What to do.
Retrieve every line from the records in which the word "close" occurs.

=======

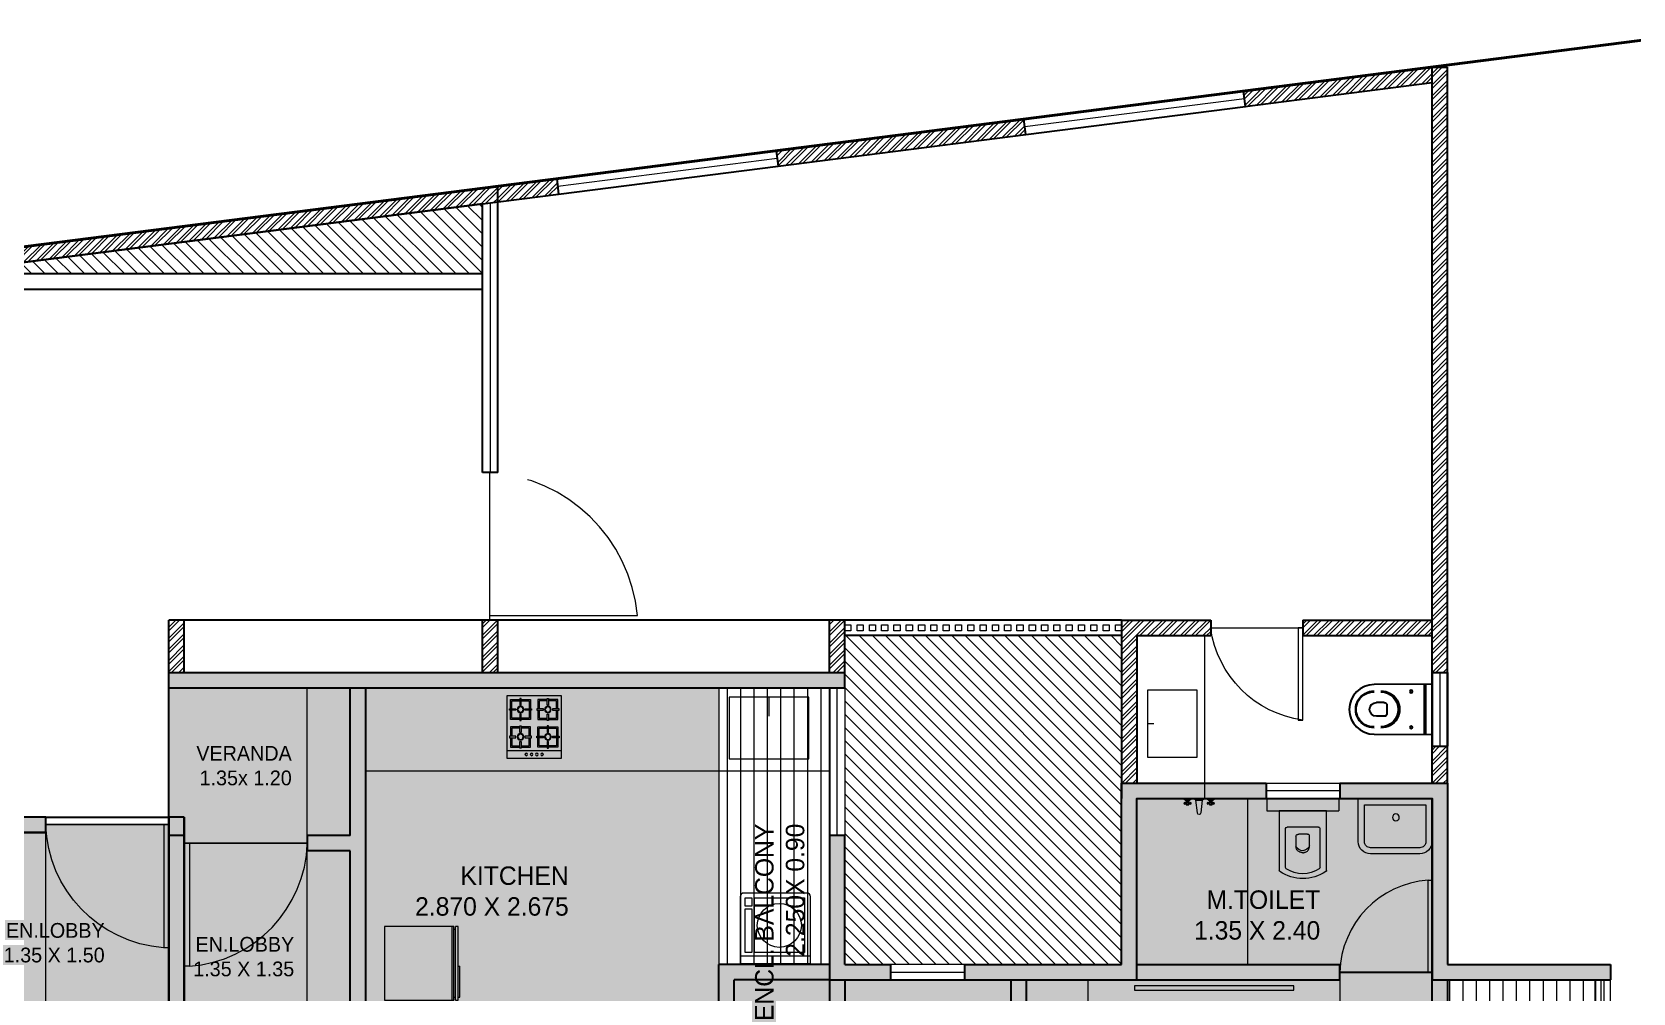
# Model space of a CAD drawing. Header units: metres. Extents: x 494 to 1845, y -666 to 1061.
# Drawn here: x 1758.202 to 1759.066, y 276.122 to 276.641 of the extents above; entities that cross this region are included whole.
import ezdxf

# ---------------------------------------------------------------- set-up
doc = ezdxf.new("R2010")
doc.units = ezdxf.units.M
doc.header["$MEASUREMENT"] = 0
for name, pattern in [('1', [0]), ('141011 - Typical Flr Plans -1 - 1.5 & 1-2 BHK_ Kolshet Namrata1$0$HIDDEN', [0.375, 0.25, -0.125]), ('ACAD_ISO02W100', [15, 12, -3]), ('DASHED2', [0.375, 0.25, -0.125])]:
    doc.linetypes.add(name, pattern=pattern)
for name, color, linetype, lineweight in [('01 WALL', 7, 'Continuous', 25), ('A-Furniture', 8, 'Continuous', 13), ('A-Wall Hatch', 8, 'Continuous', 9), ('VDA-DOOR', 23, 'Continuous', 5), ('VDA-FURNITURE', 8, 'Continuous', 13), ('VDA-HATCH', 8, 'Continuous', 9), ('VDA-PLUMBING', 8, 'Continuous', 13), ('VDA-RAILING', 25, 'Continuous', 5), ('VDA-WALL', 250, 'Continuous', 25), ('VDA-WINDOW', 5, 'Continuous', 9), ('WALL BELOW', 8, 'Continuous', 9), ('window', 5, 'Continuous', 13)]:
    doc.layers.add(name, color=color, linetype=linetype, lineweight=lineweight)
for name, color, linetype in [('A-AREA', 1, 'Continuous'), ('CLOUMN GRID', 7, 'Continuous'), ('PLOT - SURVEY', 1, '1'), ('VDA-TEXT', 250, '1'), ('VDA-WALL BELOW', 8, 'Continuous'), ('VDA_WALL BELOW', 8, '1')]:
    doc.layers.add(name, color=color, linetype=linetype)
doc.styles.add('arial', font='arial.ttf', dxfattribs={"height": 0.3})

# ---------------------------------------------------------------- blocks, each defined once
blk = doc.blocks.new('zw$F1DC')
at = {"layer": 'VDA-DOOR'}
for p, q in [((0, 0), (0, 0.9)), ((0, 0.038), (0.9, 0.038)), ((0, 0), (0.9, 0)), ((0.9, 0.038), (0.9, 0))]:
    blk.add_line(p, q, dxfattribs=at).dxf.unprotected_set("ltscale", 0)
at = {"layer": 'VDA-DOOR', "linetype": 'DASHED2', "ltscale": 0.3}
blk.add_arc((-0.028, -0.03), 0.931, 4.2128, 88.2563, dxfattribs=at)
blk = doc.blocks.new('zw$7E38')
at = {"layer": 'VDA-HATCH'}
h = blk.add_hatch(color=8, dxfattribs=at)
h.dxf.hatch_style = 1
h.paths.add_polyline_path([(4.6, 9.9), (4.725, 9.9), (4.725, 10.8), (8.075, 10.8), (8.075, 7.375), (6.825, 7.375), (6.825, 7.25), (8.55, 7.25), (8.55, 7.375), (8.2, 7.375), (8.2, 8.875), (8.55, 8.875), (8.55, 9), (8.2, 9), (8.2, 10.925), (4.6, 10.925)])
h.paths.add_polyline_path([(0, 10.325), (1.6, 10.325), (1.6, 9.182), (1.475, 9.182), (1.475, 10.2), (0.125, 10.2), (0.125, 3.9), (0.825, 3.9), (0.825, 3.775), (0.125, 3.775), (0.125, 2.45), (0, 2.45), (0, 7.8)])
h.paths.add_polyline_path([(0.875, 7.738), (0.875, 7.8), (1.475, 7.8), (1.475, 8.582), (1.6, 8.582), (1.6, 7.8), (3.25, 7.8), (3.625, 7.8), (3.625, 7.675), (3.25, 7.675), (3.25, 4.8), (3.125, 4.8), (3.125, 7.675), (0.875, 7.675)])
h.paths.add_polyline_path([(4.15, 3.775), (4.15, 3.9), (6.375, 3.9), (6.375, 0), (6.25, 0), (6.25, 3.775)])
h.paths.add_polyline_path([(9.55, 9), (9.675, 9), (9.675, 3.775), (8.8, 3.775), (8.8, 1.85), (8.675, 1.85), (8.675, 3.9), (9.55, 3.9)])
h.paths.add_polyline_path([(4, 5.6), (4, 5.725), (4.6, 5.725), (4.6, 7.675), (4.225, 7.675), (4.225, 7.8), (4.6, 7.8), (4.6, 8.7), (4.725, 8.7), (4.725, 7.8), (5.625, 7.8), (5.625, 7.25), (5.5, 7.25), (5.5, 7.675), (4.725, 7.675), (4.725, 4.8), (4.6, 4.8), (4.6, 5.6)])
h.paths.add_polyline_path([(3.125, 0), (3.125, 3.775), (2.425, 3.775), (2.425, 3.9), (3.25, 3.9), (3.25, 0)])
at = {"layer": 'VDA-HATCH', "lineweight": 30, "true_color": 0xf2f5ea}
h = blk.add_hatch(color=7, dxfattribs=at)
h.dxf.hatch_style = 1
h.paths.add_polyline_path([(3.188, 3.9), (3.25, 3.9), (3.25, 3.838), (4.15, 3.838), (4.15, 3.9), (6.375, 3.9), (8.525, 3.9), (9.55, 3.9), (9.55, 8.938), (8.55, 8.938), (8.55, 8.875), (8.2, 8.875), (8.2, 7.375), (8.55, 7.375), (8.55, 7.25), (6.825, 7.25), (6.825, 7.375), (8.075, 7.375), (8.075, 10.8), (5.625, 10.8), (5.625, 7.8), (5.625, 7.25), (5.5, 7.25), (5.5, 7.675), (4.725, 7.675), (4.725, 4.8), (4.6, 4.8), (4.6, 5.6), (4, 5.6), (4, 5.663), (3.25, 5.663), (3.25, 4.8), (3.188, 4.8)])
h.paths.add_polyline_path([(0.125, 3.9), (1.325, 3.9), (3.125, 3.9), (3.188, 3.9), (3.188, 4.8), (3.125, 4.8), (3.125, 7.675), (0.875, 7.675), (0.875, 7.738), (0.125, 7.738)])
h.paths.add_polyline_path([(3.25, 0.425), (6.25, 0.425), (6.25, 3.775), (4.15, 3.775), (4.15, 3.838), (3.25, 3.838)])
at = {"layer": 'A-AREA', "color": 160}
blk.add_lwpolyline([(4.725, 10.8), (8.075, 10.8), (8.075, 8.875), (8.55, 8.875), (8.55, 9), (9.55, 9), (9.55, 3.9), (8.675, 3.9), (8.675, 1.975), (6.25, 1.975), (6.25, 0.425), (3.25, 0.425), (3.25, 2.575), (0.125, 2.575), (0.125, 10.2), (1.475, 10.2), (1.475, 7.675), (4.725, 7.675)], close=True, dxfattribs=at)
at = {"layer": 'VDA-DOOR'}
blk.add_line((8.55, 8.938), (9.55, 8.938), dxfattribs=at)
at = {"layer": 'VDA-FURNITURE'}
blk.add_line((8.55, 7.375), (8.55, 8.875), dxfattribs=at)
at = {"layer": 'VDA-WALL'}
for p, q in [((8.55, 9), (8.2, 9)), ((8.55, 8.875), (8.55, 9)), ((9.55, 9), (9.55, 3.9)), ((9.675, 9), (9.55, 9)), ((9.675, 9), (9.55, 9)), ((9.55, 7.25), (9.55, 9)), ((9.675, 9), (9.675, 3.9)), ((9.675, 7.375), (9.675, 9)), ((8.55, 8.875), (8.2, 8.875))]:
    blk.add_line(p, q, dxfattribs=at)
at = {"color": 2, "xscale": -1.111111107753082, "yscale": 1.111111107753082, "zscale": 1.111111107753082, "rotation": 89.99999999961763}
blk.add_blockref('zw$F1DC', (9.55, 8.938), dxfattribs=at)
at = {"layer": 'VDA-TEXT', "insert": (9.028, 8.138), "char_height": 0.12, "width": 1.314504061156185e-11, "attachment_point": 3, "style": 'arial'}
blk.add_mtext('\\pi0.42212;{\\fCentury Gothic|b0|i0|c0|p34;EN.LOBBY }\\P\\pi0.38284;{\\fCentury Gothic|b0|i0|c0|p34;1.35 X 1.50}', dxfattribs=at)
blk = doc.blocks.new('zw$FB86')
at = {"layer": 'VDA-FURNITURE'}
for points in [[(0, 0.45), (0, 0.1, 0.414214), (0.1, 0), (0.5, 0, 0.414214), (0.6, 0.1), (0.6, 0.45)], [(0.05, 0.4), (0.05, 0.1, 0.414214), (0.1, 0.05), (0.5, 0.05, 0.414214), (0.55, 0.1), (0.55, 0.4)]]:
    blk.add_lwpolyline(points, format="xyb", close=True, dxfattribs=at)
blk.add_circle((0.294, 0.297), 0.0278, dxfattribs=at)
blk = doc.blocks.new('zw$1B49')
at = {"layer": 'VDA-FURNITURE'}
for p, q in [((0, 0), (0.072, 0)), ((0.013, 0.007), (0.059, 0.007)), ((0.026, 0.042), (0.02, 0.042)), ((0.026, 0.036), (0.02, 0.036)), ((0.048, 0.02), (0.024, 0.02)), ((0.026, 0.026), (0.026, 0.052)), ((0.026, 0.052), (0.046, 0.052)), ((0.046, 0.026), (0.026, 0.026)), ((0.046, 0.052), (0.046, 0.026)), ((0.046, 0.042), (0.052, 0.042)), ((0.046, 0.036), (0.052, 0.036)), ((0.091, 0), (0.169, 0)), ((0.117, 0.117), (0.104, 0.013)), ((0.104, 0.013), (0.156, 0.013)), ((0.156, 0.013), (0.143, 0.117)), ((0.189, 0), (0.261, 0)), ((0.202, 0.007), (0.248, 0.007)), ((0.215, 0.042), (0.209, 0.042)), ((0.215, 0.036), (0.209, 0.036)), ((0.237, 0.02), (0.212, 0.02)), ((0.215, 0.026), (0.215, 0.052)), ((0.215, 0.052), (0.235, 0.052)), ((0.235, 0.026), (0.215, 0.026)), ((0.235, 0.052), (0.235, 0.026)), ((0.235, 0.042), (0.241, 0.042)), ((0.235, 0.036), (0.241, 0.036))]:
    blk.add_line(p, q, dxfattribs=at)
for centre in [(0.013, 0.039), (0.036, 0.039), (0.059, 0.039), (0.202, 0.039), (0.225, 0.039), (0.248, 0.039)]:
    blk.add_circle(centre, 0.00728, dxfattribs=at)
for centre, radius, start, end in [((0.13, 0.117), 0.013, 0, 180), ((-0.01, 0.036), 0.0371, 285.2551, 344.7449), ((0.081, 0.036), 0.0371, 195.2551, 254.7449), ((0.11, -0.005), 0.0191, 106.1502, 163.8498), ((0.151, -0.005), 0.0191, 16.1502, 73.8498), ((0.179, 0.036), 0.0371, 285.2551, 344.7449), ((0.27, 0.036), 0.0371, 195.2551, 254.7449)]:
    blk.add_arc(centre, radius, start, end, dxfattribs=at)
blk = doc.blocks.new('zw$2702')
at = {"layer": 'VDA-FURNITURE'}
for p, q in [((0.55, 0), (0.55, 0.585)), ((0.65, 0.585), (0.55, 0.585)), ((0.65, 0), (0.65, 0.585)), ((0.066, 0.485), (0.55, 0.485)), ((0.089, 0.432), (0.406, 0.432)), ((0.418, 0.42), (0.418, 0.164)), ((0.55, 0.485), (0.55, 0.1)), ((0.21, 0.297), (0.211, 0.3)), ((0.21, 0.294), (0.21, 0.297)), ((0.21, 0.292), (0.21, 0.294)), ((0.21, 0.292), (0.21, 0.291)), ((0.21, 0.292), (0.21, 0.292)), ((0.21, 0.291), (0.21, 0.289)), ((0.21, 0.289), (0.21, 0.287)), ((0.21, 0.287), (0.211, 0.283)), ((0.211, 0.305), (0.213, 0.309)), ((0.211, 0.3), (0.211, 0.305)), ((0.211, 0.283), (0.211, 0.279)), ((0.211, 0.279), (0.213, 0.274)), ((0.213, 0.309), (0.214, 0.314)), ((0.213, 0.274), (0.214, 0.269)), ((0.214, 0.314), (0.217, 0.319)), ((0.214, 0.269), (0.217, 0.264)), ((0.217, 0.319), (0.22, 0.324)), ((0.217, 0.264), (0.22, 0.259)), ((0.22, 0.324), (0.223, 0.329)), ((0.223, 0.329), (0.228, 0.334)), ((0.228, 0.334), (0.234, 0.338)), ((0.234, 0.338), (0.24, 0.342)), ((0.24, 0.342), (0.248, 0.344)), ((0.248, 0.344), (0.257, 0.346)), ((0.257, 0.346), (0.268, 0.347)), ((0.268, 0.347), (0.278, 0.347)), ((0.278, 0.347), (0.287, 0.347)), ((0.287, 0.347), (0.296, 0.347)), ((0.296, 0.347), (0.303, 0.347)), ((0.303, 0.347), (0.31, 0.347)), ((0.31, 0.347), (0.316, 0.347)), ((0.316, 0.347), (0.321, 0.347)), ((0.321, 0.347), (0.325, 0.347)), ((0.325, 0.347), (0.329, 0.347)), ((0.329, 0.347), (0.332, 0.347)), ((0.332, 0.347), (0.334, 0.347)), ((0.334, 0.347), (0.336, 0.347)), ((0.336, 0.347), (0.338, 0.347)), ((0.338, 0.347), (0.339, 0.347)), ((0.339, 0.347), (0.34, 0.347)), ((0.34, 0.347), (0.342, 0.347)), ((0.342, 0.347), (0.346, 0.347)), ((0.346, 0.347), (0.35, 0.346)), ((0.35, 0.346), (0.354, 0.344)), ((0.354, 0.344), (0.357, 0.34)), ((0.357, 0.34), (0.358, 0.337)), ((0.358, 0.337), (0.359, 0.334)), ((0.359, 0.334), (0.36, 0.33)), ((0.36, 0.33), (0.36, 0.326)), ((0.36, 0.326), (0.36, 0.259)), ((0.089, 0.152), (0.406, 0.152)), ((0.22, 0.259), (0.223, 0.254)), ((0.223, 0.254), (0.228, 0.249)), ((0.228, 0.249), (0.234, 0.245)), ((0.234, 0.245), (0.24, 0.242)), ((0.24, 0.242), (0.248, 0.239)), ((0.248, 0.239), (0.257, 0.237)), ((0.257, 0.237), (0.268, 0.237)), ((0.268, 0.237), (0.278, 0.237)), ((0.278, 0.237), (0.287, 0.237)), ((0.287, 0.237), (0.296, 0.237)), ((0.296, 0.237), (0.304, 0.237)), ((0.304, 0.237), (0.31, 0.237)), ((0.31, 0.237), (0.316, 0.237)), ((0.316, 0.237), (0.321, 0.237)), ((0.321, 0.237), (0.325, 0.237)), ((0.325, 0.237), (0.329, 0.237)), ((0.329, 0.237), (0.332, 0.237)), ((0.332, 0.237), (0.334, 0.237)), ((0.334, 0.237), (0.336, 0.237)), ((0.336, 0.237), (0.339, 0.237)), ((0.339, 0.237), (0.339, 0.237)), ((0.339, 0.237), (0.34, 0.237)), ((0.34, 0.237), (0.343, 0.237)), ((0.35, 0.239), (0.354, 0.242)), ((0.354, 0.242), (0.357, 0.245)), ((0.357, 0.245), (0.358, 0.248)), ((0.358, 0.248), (0.359, 0.251)), ((0.359, 0.251), (0.36, 0.255)), ((0.36, 0.255), (0.36, 0.259)), ((0.55, 0.1), (0.066, 0.1)), ((0.65, 0), (0.55, 0))]:
    blk.add_line(p, q, dxfattribs=at)
for centre, radius, start, end in [((0.339, 0.292), 0.339, 146.5315, 213.4685), ((0.288, 0.292), 0.249, 147.4568, 212.5432), ((0.066, 0.473), 0.012, 90, 146.5315), ((0.089, 0.42), 0.012, 90, 150.4907), ((0.406, 0.42), 0.012, 0, 90), ((0.285, 0.291), 0.0588, 109.8583, 247.3192), ((0.089, 0.164), 0.012, 209.5093, 270), ((0.334, 0.28), 0.0442, 281.0815, 290.9254), ((0.406, 0.164), 0.012, 270, 0), ((0.066, 0.112), 0.012, 213.4685, 270)]:
    blk.add_arc(centre, radius, start, end, dxfattribs=at)
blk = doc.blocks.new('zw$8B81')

=======

Solution.
blk.add_lwpolyline([(4.725, 10.8), (8.075, 10.8), (8.075, 8.875), (8.55, 8.875), (8.55, 9), (9.55, 9), (9.55, 3.9), (8.675, 3.9), (8.675, 1.975), (6.25, 1.975), (6.25, 0.425), (3.25, 0.425), (3.25, 2.575), (0.125, 2.575), (0.125, 10.2), (1.475, 10.2), (1.475, 7.675), (4.725, 7.675)], close=True, dxfattribs=at)
    blk.add_lwpolyline(points, format="xyb", close=True, dxfattribs=at)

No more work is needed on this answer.